Set down exactly the lines below, starting at the one that contains "#232=ADVANCED_FACE('F142',(#228,#231),#225,.F.);" and ending at the one that contains "#240=FACE_BOUND('',#239,.T.);", with both of those lines included and nothing else.

++++

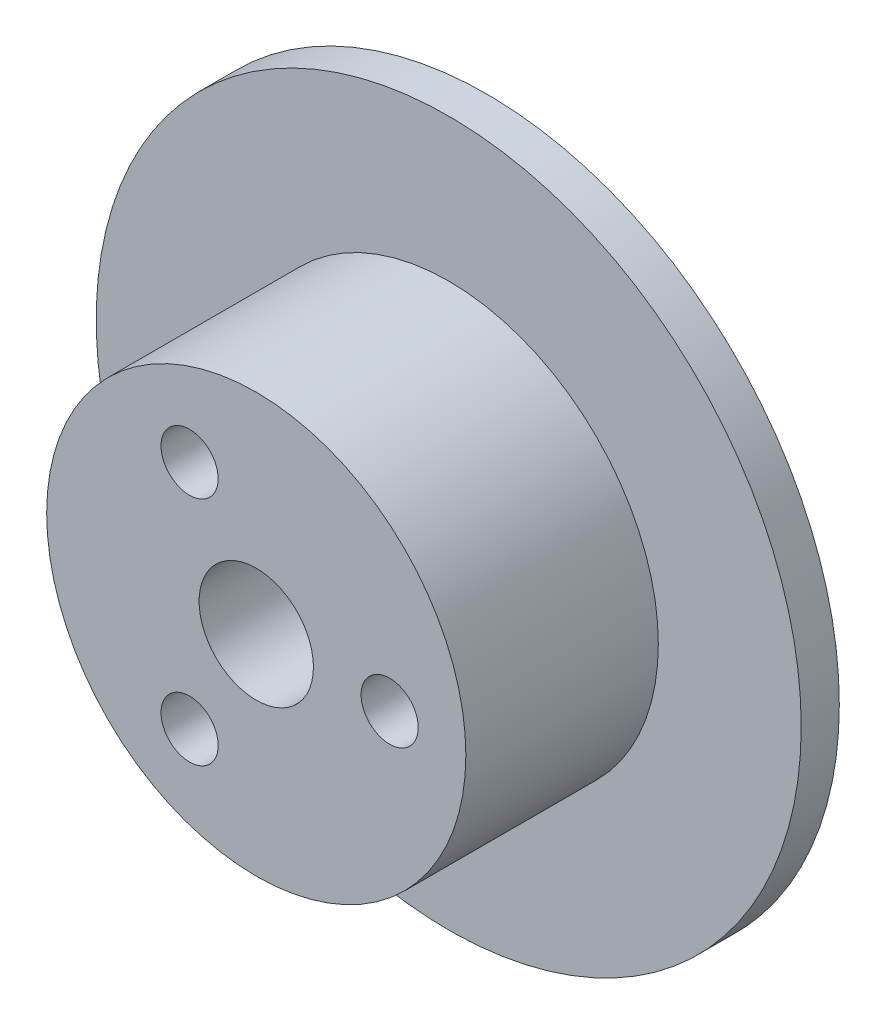
ISO-10303-21;
HEADER;
FILE_DESCRIPTION(('STEP AP214'),'2;1');
FILE_NAME('part.step','',(''),(''),'','','');
FILE_SCHEMA(('AUTOMOTIVE_DESIGN { 1 0 10303 214 1 1 1 1 }'));
ENDSEC;
DATA;
#1=APPLICATION_CONTEXT('core data for automotive mechanical design processes');
#2=APPLICATION_PROTOCOL_DEFINITION('international standard','automotive_design',2000,#1);
#3=PRODUCT_CONTEXT('',#1,'mechanical');
#4=PRODUCT('Part','Part','',(#3));
#5=PRODUCT_RELATED_PRODUCT_CATEGORY('part','',(#4));
#6=PRODUCT_DEFINITION_FORMATION('','',#4);
#7=PRODUCT_DEFINITION_CONTEXT('part definition',#1,'design');
#8=PRODUCT_DEFINITION('design','',#6,#7);
#9=PRODUCT_DEFINITION_SHAPE('','',#8);
#10=(LENGTH_UNIT() NAMED_UNIT(*) SI_UNIT(.MILLI.,.METRE.));
#11=(NAMED_UNIT(*) PLANE_ANGLE_UNIT() SI_UNIT($,.RADIAN.));
#12=(NAMED_UNIT(*) SI_UNIT($,.STERADIAN.) SOLID_ANGLE_UNIT());
#13=UNCERTAINTY_MEASURE_WITH_UNIT(LENGTH_MEASURE(1.E-05),#10,'distance_accuracy_value','');
#14=(GEOMETRIC_REPRESENTATION_CONTEXT(3) GLOBAL_UNCERTAINTY_ASSIGNED_CONTEXT((#13)) GLOBAL_UNIT_ASSIGNED_CONTEXT((#10,
#11,#12)) REPRESENTATION_CONTEXT('',''));
#15=CARTESIAN_POINT('',(0.,0.,0.));
#16=DIRECTION('',(0.,0.,1.));
#17=DIRECTION('',(1.,0.,0.));
#18=AXIS2_PLACEMENT_3D('',#15,#16,#17);
#19=CARTESIAN_POINT('',(0.,0.,3.));
#20=DIRECTION('',(0.,0.,-1.));
#21=DIRECTION('',(-1.,0.,0.));
#22=AXIS2_PLACEMENT_3D('',#19,#20,#21);
#23=CYLINDRICAL_SURFACE('',#22,18.5);
#24=CARTESIAN_POINT('',(0.,0.,0.));
#25=DIRECTION('',(0.,0.,1.));
#26=DIRECTION('',(1.,0.,0.));
#27=AXIS2_PLACEMENT_3D('',#24,#25,#26);
#28=CIRCLE('',#27,18.5);
#29=CARTESIAN_POINT('',(18.5,0.,0.));
#30=VERTEX_POINT('',#29);
#31=EDGE_CURVE('E11',#30,#30,#28,.T.);
#32=ORIENTED_EDGE('',*,*,#31,.T.);
#33=EDGE_LOOP('',(#32));
#34=FACE_BOUND('',#33,.T.);
#35=CARTESIAN_POINT('',(0.,0.,2.));
#36=DIRECTION('',(0.,0.,1.));
#37=DIRECTION('',(1.,0.,0.));
#38=AXIS2_PLACEMENT_3D('',#35,#36,#37);
#39=CIRCLE('',#38,18.5);
#40=CARTESIAN_POINT('',(18.5,0.,2.));
#41=VERTEX_POINT('',#40);
#42=EDGE_CURVE('E82',#41,#41,#39,.T.);
#43=ORIENTED_EDGE('',*,*,#42,.F.);
#44=EDGE_LOOP('',(#43));
#45=FACE_BOUND('',#44,.T.);
#46=ADVANCED_FACE('F45',(#34,#45),#23,.T.);
#47=CARTESIAN_POINT('',(0.,0.,0.));
#48=DIRECTION('',(0.,0.,1.));
#49=DIRECTION('',(1.,0.,0.));
#50=AXIS2_PLACEMENT_3D('',#47,#48,#49);
#51=PLANE('',#50);
#52=CARTESIAN_POINT('',(7.,0.,0.));
#53=DIRECTION('',(0.,0.,1.));
#54=DIRECTION('',(1.,0.,0.));
#55=AXIS2_PLACEMENT_3D('',#52,#53,#54);
#56=CIRCLE('',#55,1.5);
#57=CARTESIAN_POINT('',(8.5,0.,0.));
#58=VERTEX_POINT('',#57);
#59=EDGE_CURVE('E73',#58,#58,#56,.T.);
#60=ORIENTED_EDGE('',*,*,#59,.T.);
#61=EDGE_LOOP('',(#60));
#62=FACE_BOUND('',#61,.T.);
#63=CARTESIAN_POINT('',(-3.50000000000003,-6.06217782649106,0.));
#64=DIRECTION('',(0.,0.,1.));
#65=DIRECTION('',(1.,0.,0.));
#66=AXIS2_PLACEMENT_3D('',#63,#64,#65);
#67=CIRCLE('',#66,1.5);
#68=CARTESIAN_POINT('',(-2.00000000000003,-6.06217782649106,0.));
#69=VERTEX_POINT('',#68);
#70=EDGE_CURVE('E90',#69,#69,#67,.T.);
#71=ORIENTED_EDGE('',*,*,#70,.T.);
#72=EDGE_LOOP('',(#71));
#73=FACE_BOUND('',#72,.T.);
#74=CARTESIAN_POINT('',(-3.49999999999994,6.06217782649111,0.));
#75=DIRECTION('',(0.,0.,1.));
#76=DIRECTION('',(1.,0.,0.));
#77=AXIS2_PLACEMENT_3D('',#74,#75,#76);
#78=CIRCLE('',#77,1.5);
#79=CARTESIAN_POINT('',(-1.99999999999994,6.06217782649111,0.));
#80=VERTEX_POINT('',#79);
#81=EDGE_CURVE('E81',#80,#80,#78,.T.);
#82=ORIENTED_EDGE('',*,*,#81,.T.);
#83=EDGE_LOOP('',(#82));
#84=FACE_BOUND('',#83,.T.);
#85=CARTESIAN_POINT('',(0.,0.,0.));
#86=DIRECTION('',(0.,0.,-1.));
#87=DIRECTION('',(-1.,0.,0.));
#88=AXIS2_PLACEMENT_3D('',#85,#86,#87);
#89=CIRCLE('',#88,3.05);
#90=CARTESIAN_POINT('',(-3.05,0.,0.));
#91=VERTEX_POINT('',#90);
#92=EDGE_CURVE('E57',#91,#91,#89,.T.);
#93=ORIENTED_EDGE('',*,*,#92,.F.);
#94=EDGE_LOOP('',(#93));
#95=FACE_BOUND('',#94,.T.);
#96=ORIENTED_EDGE('',*,*,#31,.F.);
#97=EDGE_LOOP('',(#96));
#98=FACE_BOUND('',#97,.T.);
#99=ADVANCED_FACE('F119',(#62,#73,#84,#95,#98),#51,.F.);
#100=CARTESIAN_POINT('',(0.,0.,5.5));
#101=DIRECTION('',(0.,0.,-1.));
#102=DIRECTION('',(-1.,0.,0.));
#103=AXIS2_PLACEMENT_3D('',#100,#101,#102);
#104=CYLINDRICAL_SURFACE('',#103,11.);
#105=CARTESIAN_POINT('',(0.,0.,12.1));
#106=DIRECTION('',(0.,0.,1.));
#107=DIRECTION('',(1.,0.,0.));
#108=AXIS2_PLACEMENT_3D('',#105,#106,#107);
#109=CIRCLE('',#108,11.);
#110=CARTESIAN_POINT('',(11.,0.,12.1));
#111=VERTEX_POINT('',#110);
#112=EDGE_CURVE('E63',#111,#111,#109,.T.);
#113=ORIENTED_EDGE('',*,*,#112,.F.);
#114=EDGE_LOOP('',(#113));
#115=FACE_BOUND('',#114,.T.);
#116=CARTESIAN_POINT('',(0.,0.,2.));
#117=DIRECTION('',(0.,0.,1.));
#118=DIRECTION('',(1.,0.,0.));
#119=AXIS2_PLACEMENT_3D('',#116,#117,#118);
#120=CIRCLE('',#119,11.);
#121=CARTESIAN_POINT('',(11.,0.,2.));
#122=VERTEX_POINT('',#121);
#123=EDGE_CURVE('E104',#122,#122,#120,.T.);
#124=ORIENTED_EDGE('',*,*,#123,.T.);
#125=EDGE_LOOP('',(#124));
#126=FACE_BOUND('',#125,.T.);
#127=ADVANCED_FACE('F109',(#115,#126),#104,.T.);
#128=CARTESIAN_POINT('',(0.,0.,5.5));
#129=DIRECTION('',(0.,0.,-1.));
#130=DIRECTION('',(-1.,0.,0.));
#131=AXIS2_PLACEMENT_3D('',#128,#129,#130);
#132=CYLINDRICAL_SURFACE('',#131,3.05);
#133=CARTESIAN_POINT('',(0.,0.,5.5));
#134=DIRECTION('',(0.,0.,-1.));
#135=DIRECTION('',(-1.,0.,0.));
#136=AXIS2_PLACEMENT_3D('',#133,#134,#135);
#137=CIRCLE('',#136,3.05);
#138=CARTESIAN_POINT('',(-3.05,0.,5.5));
#139=VERTEX_POINT('',#138);
#140=EDGE_CURVE('E52',#139,#139,#137,.T.);
#141=ORIENTED_EDGE('',*,*,#140,.F.);
#142=EDGE_LOOP('',(#141));
#143=FACE_BOUND('',#142,.T.);
#144=ORIENTED_EDGE('',*,*,#92,.T.);
#145=EDGE_LOOP('',(#144));
#146=FACE_BOUND('',#145,.T.);
#147=ADVANCED_FACE('F127',(#143,#146),#132,.F.);
#148=CARTESIAN_POINT('',(0.,0.,5.5));
#149=DIRECTION('',(0.,0.,1.));
#150=DIRECTION('',(1.,0.,0.));
#151=AXIS2_PLACEMENT_3D('',#148,#149,#150);
#152=PLANE('',#151);
#153=CARTESIAN_POINT('',(0.,0.,5.5));
#154=DIRECTION('',(0.,0.,1.));
#155=DIRECTION('',(1.,0.,0.));
#156=AXIS2_PLACEMENT_3D('',#153,#154,#155);
#157=CIRCLE('',#156,3.);
#158=CARTESIAN_POINT('',(3.,0.,5.5));
#159=VERTEX_POINT('',#158);
#160=EDGE_CURVE('E69',#159,#159,#157,.T.);
#161=ORIENTED_EDGE('',*,*,#160,.T.);
#162=EDGE_LOOP('',(#161));
#163=FACE_BOUND('',#162,.T.);
#164=ORIENTED_EDGE('',*,*,#140,.T.);
#165=EDGE_LOOP('',(#164));
#166=FACE_BOUND('',#165,.T.);
#167=ADVANCED_FACE('F134',(#163,#166),#152,.F.);
#168=CARTESIAN_POINT('',(0.,0.,12.1));
#169=DIRECTION('',(0.,0.,1.));
#170=DIRECTION('',(1.,0.,0.));
#171=AXIS2_PLACEMENT_3D('',#168,#169,#170);
#172=PLANE('',#171);
#173=CARTESIAN_POINT('',(7.,0.,12.1));
#174=DIRECTION('',(0.,0.,1.));
#175=DIRECTION('',(1.,0.,0.));
#176=AXIS2_PLACEMENT_3D('',#173,#174,#175);
#177=CIRCLE('',#176,1.5);
#178=CARTESIAN_POINT('',(8.5,0.,12.1));
#179=VERTEX_POINT('',#178);
#180=EDGE_CURVE('E94',#179,#179,#177,.T.);
#181=ORIENTED_EDGE('',*,*,#180,.F.);
#182=EDGE_LOOP('',(#181));
#183=FACE_BOUND('',#182,.T.);
#184=CARTESIAN_POINT('',(-3.50000000000003,-6.06217782649106,12.1));
#185=DIRECTION('',(0.,0.,1.));
#186=DIRECTION('',(1.,0.,0.));
#187=AXIS2_PLACEMENT_3D('',#184,#185,#186);
#188=CIRCLE('',#187,1.5);
#189=CARTESIAN_POINT('',(-2.00000000000003,-6.06217782649106,12.1));
#190=VERTEX_POINT('',#189);
#191=EDGE_CURVE('E86',#190,#190,#188,.T.);
#192=ORIENTED_EDGE('',*,*,#191,.F.);
#193=EDGE_LOOP('',(#192));
#194=FACE_BOUND('',#193,.T.);
#195=CARTESIAN_POINT('',(-3.49999999999994,6.06217782649111,12.1));
#196=DIRECTION('',(0.,0.,1.));
#197=DIRECTION('',(1.,0.,0.));
#198=AXIS2_PLACEMENT_3D('',#195,#196,#197);
#199=CIRCLE('',#198,1.5);
#200=CARTESIAN_POINT('',(-1.99999999999994,6.06217782649111,12.1));
#201=VERTEX_POINT('',#200);
#202=EDGE_CURVE('E77',#201,#201,#199,.T.);
#203=ORIENTED_EDGE('',*,*,#202,.F.);
#204=EDGE_LOOP('',(#203));
#205=FACE_BOUND('',#204,.T.);
#206=ORIENTED_EDGE('',*,*,#112,.T.);
#207=EDGE_LOOP('',(#206));
#208=FACE_BOUND('',#207,.T.);
#209=CARTESIAN_POINT('',(0.,0.,12.1));
#210=DIRECTION('',(0.,0.,1.));
#211=DIRECTION('',(1.,0.,0.));
#212=AXIS2_PLACEMENT_3D('',#209,#210,#211);
#213=CIRCLE('',#212,3.);
#214=CARTESIAN_POINT('',(3.,0.,12.1));
#215=VERTEX_POINT('',#214);
#216=EDGE_CURVE('E68',#215,#215,#213,.T.);
#217=ORIENTED_EDGE('',*,*,#216,.F.);
#218=EDGE_LOOP('',(#217));
#219=FACE_BOUND('',#218,.T.);
#220=ADVANCED_FACE('F138',(#183,#194,#205,#208,#219),#172,.T.);
#221=CARTESIAN_POINT('',(0.,0.,12.1));
#222=DIRECTION('',(0.,0.,-1.));
#223=DIRECTION('',(-1.,0.,0.));
#224=AXIS2_PLACEMENT_3D('',#221,#222,#223);
#225=CYLINDRICAL_SURFACE('',#224,3.);
#226=ORIENTED_EDGE('',*,*,#216,.T.);
#227=EDGE_LOOP('',(#226));
#228=FACE_BOUND('',#227,.T.);
#229=ORIENTED_EDGE('',*,*,#160,.F.);
#230=EDGE_LOOP('',(#229));
#231=FACE_BOUND('',#230,.T.);
#232=ADVANCED_FACE('F142',(#228,#231),#225,.F.);
#233=CARTESIAN_POINT('',(-3.49999999999994,6.06217782649111,0.));
#234=DIRECTION('',(0.,0.,1.));
#235=DIRECTION('',(1.,0.,0.));
#236=AXIS2_PLACEMENT_3D('',#233,#234,#235);
#237=CYLINDRICAL_SURFACE('',#236,1.5);
#238=ORIENTED_EDGE('',*,*,#81,.F.);
#239=EDGE_LOOP('',(#238));
#240=FACE_BOUND('',#239,.T.);
#241=ORIENTED_EDGE('',*,*,#202,.T.);
#242=EDGE_LOOP('',(#241));
#243=FACE_BOUND('',#242,.T.);
#244=ADVANCED_FACE('F146',(#240,#243),#237,.F.);
#245=CARTESIAN_POINT('',(-3.50000000000003,-6.06217782649106,0.));
#246=DIRECTION('',(0.,0.,1.));
#247=DIRECTION('',(1.,0.,0.));
#248=AXIS2_PLACEMENT_3D('',#245,#246,#247);
#249=CYLINDRICAL_SURFACE('',#248,1.5);
#250=ORIENTED_EDGE('',*,*,#70,.F.);
#251=EDGE_LOOP('',(#250));
#252=FACE_BOUND('',#251,.T.);
#253=ORIENTED_EDGE('',*,*,#191,.T.);
#254=EDGE_LOOP('',(#253));
#255=FACE_BOUND('',#254,.T.);
#256=ADVANCED_FACE('F150',(#252,#255),#249,.F.);
#257=CARTESIAN_POINT('',(7.,0.,0.));
#258=DIRECTION('',(0.,0.,1.));
#259=DIRECTION('',(1.,0.,0.));
#260=AXIS2_PLACEMENT_3D('',#257,#258,#259);
#261=CYLINDRICAL_SURFACE('',#260,1.5);
#262=ORIENTED_EDGE('',*,*,#59,.F.);
#263=EDGE_LOOP('',(#262));
#264=FACE_BOUND('',#263,.T.);
#265=ORIENTED_EDGE('',*,*,#180,.T.);
#266=EDGE_LOOP('',(#265));
#267=FACE_BOUND('',#266,.T.);
#268=ADVANCED_FACE('F114',(#264,#267),#261,.F.);
#269=CARTESIAN_POINT('',(0.,0.,2.));
#270=DIRECTION('',(0.,0.,1.));
#271=DIRECTION('',(1.,0.,0.));
#272=AXIS2_PLACEMENT_3D('',#269,#270,#271);
#273=PLANE('',#272);
#274=ORIENTED_EDGE('',*,*,#123,.F.);
#275=EDGE_LOOP('',(#274));
#276=FACE_BOUND('',#275,.T.);
#277=ORIENTED_EDGE('',*,*,#42,.T.);
#278=EDGE_LOOP('',(#277));
#279=FACE_BOUND('',#278,.T.);
#280=ADVANCED_FACE('F111',(#276,#279),#273,.T.);
#281=CLOSED_SHELL('',(#46,#99,#127,#147,#167,#220,#232,#244,#256,#268,#280));
#282=MANIFOLD_SOLID_BREP('B2',#281);
#283=ADVANCED_BREP_SHAPE_REPRESENTATION('',(#18,#282),#14);
#284=SHAPE_DEFINITION_REPRESENTATION(#9,#283);
ENDSEC;
END-ISO-10303-21;

++++

§ **Response to this exercise**:
#232=ADVANCED_FACE('F142',(#228,#231),#225,.F.);
#233=CARTESIAN_POINT('',(-3.49999999999994,6.06217782649111,0.));
#234=DIRECTION('',(0.,0.,1.));
#235=DIRECTION('',(1.,0.,0.));
#236=AXIS2_PLACEMENT_3D('',#233,#234,#235);
#237=CYLINDRICAL_SURFACE('',#236,1.5);
#238=ORIENTED_EDGE('',*,*,#81,.F.);
#239=EDGE_LOOP('',(#238));
#240=FACE_BOUND('',#239,.T.);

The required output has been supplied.